First, the current definition, especially when read in light of the definition of “Synod,” could lead to an erroneous understanding that the Synod owns the property of member congregations. Such a misunderstanding would be inconsistent with Article VII 2 of the Constitution, which clearly states, “Membership of a congregation in the Synod gives the Synod no equity in the property of the congregation.” Clarification for consistency could be made by amending Bylaw 1.2.1 (q) to expressly exclude property of congregations from the definition.

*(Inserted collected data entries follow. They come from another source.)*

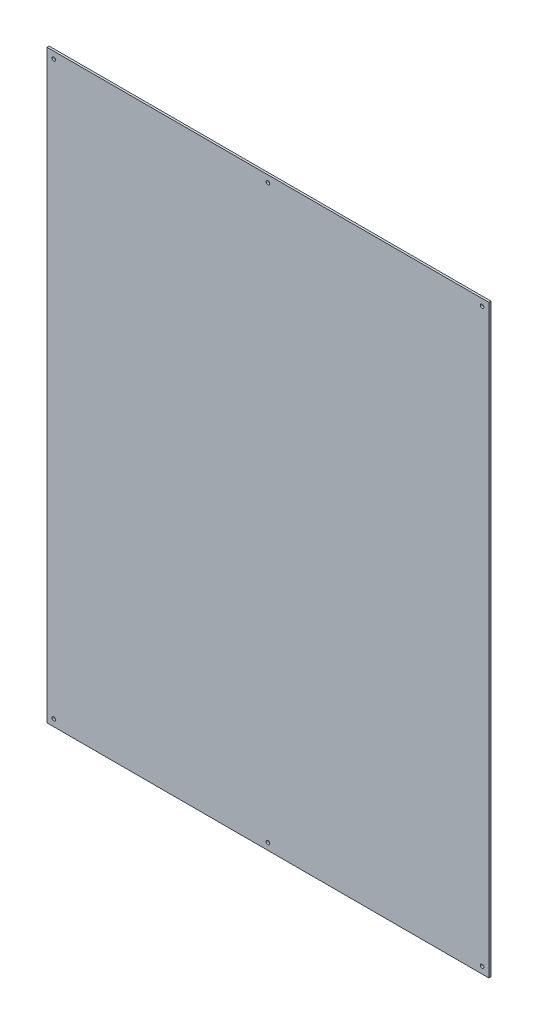
from build123d import *

# Parameters (mm, degrees)
SKETCH1_W           = 648
SKETCH1_H           = 858
BOSS_EXTRUDE1_DEPTH = 3.175
CUT_EXTRUDE1_REACH  = 1077.211
SKETCH2_R           = 2.61


with BuildPart() as part:
    # Sketch1 → Boss-Extrude1 (new body)
    with BuildSketch(Plane.XY):
        with Locations((324, -429)):
            Rectangle(SKETCH1_W, SKETCH1_H)
    extrude(amount=BOSS_EXTRUDE1_DEPTH)

    # Sketch2 → Cut-Extrude1 (cut, up to next)
    with BuildSketch(Plane.XY.offset(3.175), mode=Mode.PRIVATE) as cut_extrude1_sk1:
        with Locations((10, -848)):
            Circle(SKETCH2_R)
    cut_extrude1_tool1 = extrude(cut_extrude1_sk1.sketch, amount=-CUT_EXTRUDE1_REACH, mode=Mode.PRIVATE) & part.part
    # Sketch2 → Cut-Extrude1 (cut, up to next)
    with BuildSketch(Plane.XY.offset(3.175), mode=Mode.PRIVATE) as cut_extrude1_sk2:
        with Locations((324, -848)):
            Circle(SKETCH2_R)
    cut_extrude1_tool2 = extrude(cut_extrude1_sk2.sketch, amount=-CUT_EXTRUDE1_REACH, mode=Mode.PRIVATE) & part.part
    # Sketch2 → Cut-Extrude1 (cut, up to next)
    with BuildSketch(Plane.XY.offset(3.175), mode=Mode.PRIVATE) as cut_extrude1_sk3:
        with Locations((638, -848)):
            Circle(SKETCH2_R)
    cut_extrude1_tool3 = extrude(cut_extrude1_sk3.sketch, amount=-CUT_EXTRUDE1_REACH, mode=Mode.PRIVATE) & part.part
    # Sketch2 → Cut-Extrude1 (cut, up to next)
    with BuildSketch(Plane.XY.offset(3.175), mode=Mode.PRIVATE) as cut_extrude1_sk4:
        with Locations((638, -10)):
            Circle(SKETCH2_R)
    cut_extrude1_tool4 = extrude(cut_extrude1_sk4.sketch, amount=-CUT_EXTRUDE1_REACH, mode=Mode.PRIVATE) & part.part
    # Sketch2 → Cut-Extrude1 (cut, up to next)
    with BuildSketch(Plane.XY.offset(3.175), mode=Mode.PRIVATE) as cut_extrude1_sk5:
        with Locations((324, -10)):
            Circle(SKETCH2_R)
    cut_extrude1_tool5 = extrude(cut_extrude1_sk5.sketch, amount=-CUT_EXTRUDE1_REACH, mode=Mode.PRIVATE) & part.part
    # Sketch2 → Cut-Extrude1 (cut, up to next)
    with BuildSketch(Plane.XY.offset(3.175), mode=Mode.PRIVATE) as cut_extrude1_sk6:
        with Locations((10, -10)):
            Circle(SKETCH2_R)
    cut_extrude1_tool6 = extrude(cut_extrude1_sk6.sketch, amount=-CUT_EXTRUDE1_REACH, mode=Mode.PRIVATE) & part.part
    add(cut_extrude1_tool1.solids().sort_by_distance((10, -848, 3.175))[0], mode=Mode.SUBTRACT)
    add(cut_extrude1_tool2.solids().sort_by_distance((324, -848, 3.175))[0], mode=Mode.SUBTRACT)
    add(cut_extrude1_tool3.solids().sort_by_distance((638, -848, 3.175))[0], mode=Mode.SUBTRACT)
    add(cut_extrude1_tool4.solids().sort_by_distance((638, -10, 3.175))[0], mode=Mode.SUBTRACT)
    add(cut_extrude1_tool5.solids().sort_by_distance((324, -10, 3.175))[0], mode=Mode.SUBTRACT)
    add(cut_extrude1_tool6.solids().sort_by_distance((10, -10, 3.175))[0], mode=Mode.SUBTRACT)


solid = part.part
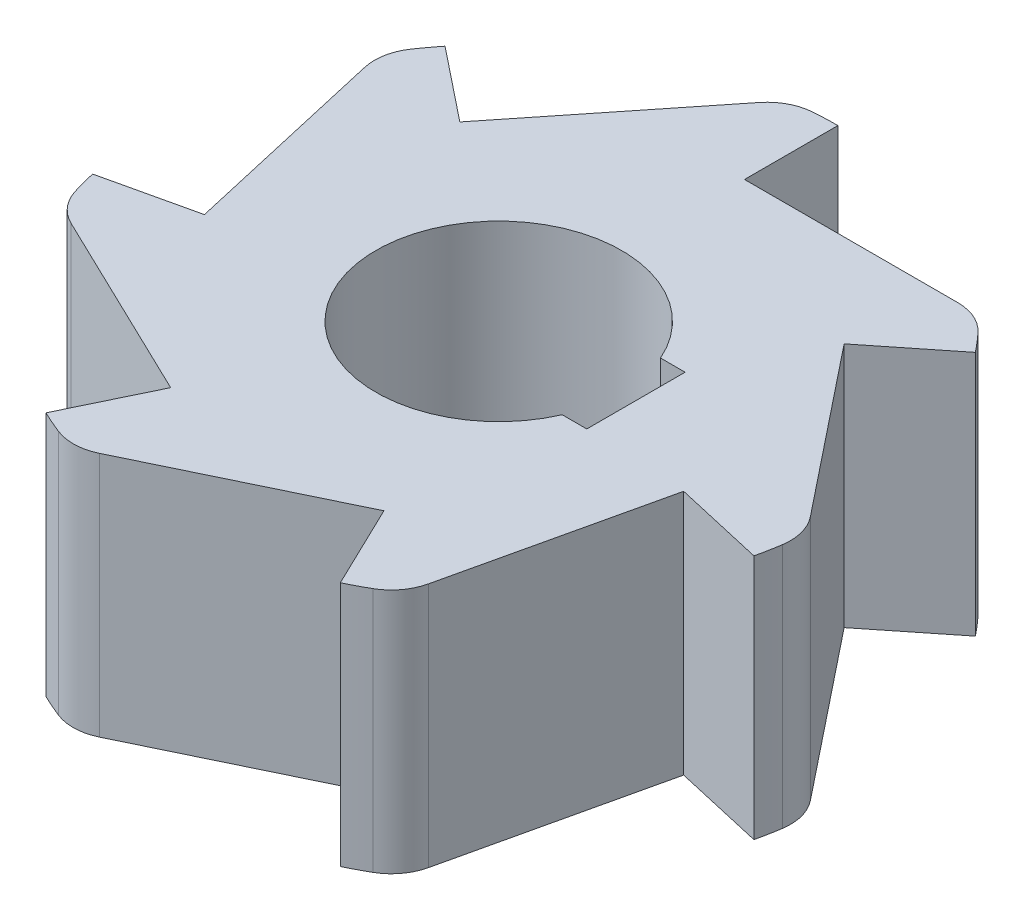
from build123d import *

# Parameters (mm, degrees)
BOSS_EXTRUDE1_DEPTH = 50


with BuildPart() as part:
    # Sketch1 → Boss-Extrude1 (new body)
    with BuildSketch(Plane(origin=(0, 0, 0), x_dir=(1, 0, 0), z_dir=(0, 1, 0))):
        with BuildLine():
            Line((0, 50), (43.370496884, 50))
            ThreePointArc((43.370496884, 50), (47.383188614, 49.159601797), (50.72142856, 46.779661017))
            ThreePointArc((50.72142856, 46.779661017), (52.367636949, 44.929173155), (53.94637229, 43.020796328))
            Line((53.94637229, 43.020796328), (39.091574123, 31.174490093))
            Line((39.091574123, 31.174490093), (66.132636632, -2.733929782))
            ThreePointArc((66.132636632, -2.733929782), (67.977459231, -6.395158214), (68.198105165, -10.488968105))
            ThreePointArc((68.198105165, -10.488968105), (67.777729639, -12.929785961), (67.270025941, -15.353944443))
            Line((67.270025941, -15.353944443), (48.746395609, -11.126046698))
            Line((48.746395609, -11.126046698), (39.095552136, -53.409154676))
            ThreePointArc((39.095552136, -53.409154676), (37.38331656, -57.134233653), (34.320217593, -59.859190308))
            ThreePointArc((34.320217593, -59.859190308), (32.149809497, -61.052352529), (29.937977999, -62.166851885))
            Line((29.937977999, -62.166851885), (21.694186956, -45.048443395))
            Line((21.694186956, -45.048443395), (-17.381280522, -63.866196751))
            ThreePointArc((-17.381280522, -63.866196751), (-21.361225962, -64.850065825), (-25.401493831, -64.154221304))
            ThreePointArc((-25.401493831, -64.154221304), (-27.687572933, -63.201252401), (-29.937977999, -62.166851885))
            Line((-29.937977999, -62.166851885), (-21.694186956, -45.048443395))
            Line((-21.694186956, -45.048443395), (-60.769654434, -26.23069004))
            ThreePointArc((-60.769654434, -26.23069004), (-64.020329644, -23.732475731), (-65.995362305, -20.13981515))
            ThreePointArc((-65.995362305, -20.13981515), (-66.675648221, -17.758320145), (-67.270025941, -15.353944443))
            Line((-67.270025941, -15.353944443), (-48.746395609, -11.126046698))
            Line((-48.746395609, -11.126046698), (-58.397239082, 31.15706128))
            ThreePointArc((-58.397239082, 31.15706128), (-58.470819328, 35.256152643), (-56.893376903, 39.040282589))
            ThreePointArc((-56.893376903, 39.040282589), (-55.455600463, 41.056989384), (-53.94637229, 43.020796328))
            Line((-53.94637229, 43.020796328), (-39.091574123, 31.174490093))
            Line((-39.091574123, 31.174490093), (-12.050511614, 65.082909967))
            ThreePointArc((-12.050511614, 65.082909967), (-8.89158947, 67.696178982), (-4.94951828, 68.822251262))
            ThreePointArc((-4.94951828, 68.822251262), (-2.476354468, 68.955548497), (0, 69))
            Line((0, 69), (0, 50))
        make_face()
        with BuildLine():
            Line((27.912878475, -10), (27.912878475, 10))
            Line((27.912878475, 10), (22.912878475, 10))
            ThreePointArc((22.912878475, 10), (-25, 0), (22.912878475, -10))
            Line((22.912878475, -10), (27.912878475, -10))
        make_face(mode=Mode.SUBTRACT)
    extrude(amount=BOSS_EXTRUDE1_DEPTH)


solid = part.part

Second, Article XI E of the Constitution should be amended to reflect more clearly that the duties of the Board of Directors include serving as the legal representative of both the Synod and corporate Synod, and to clarify that the Board of Directors’ role as custodian of the property of the Synod includes, in particular, property held by or titled in the name of corporate Synod or its nominee. This is not a change in responsibilities but rather a clarification.
These amendments would benefit the Synod and its members by providing clarity and consistency between the Constitution and the Bylaws.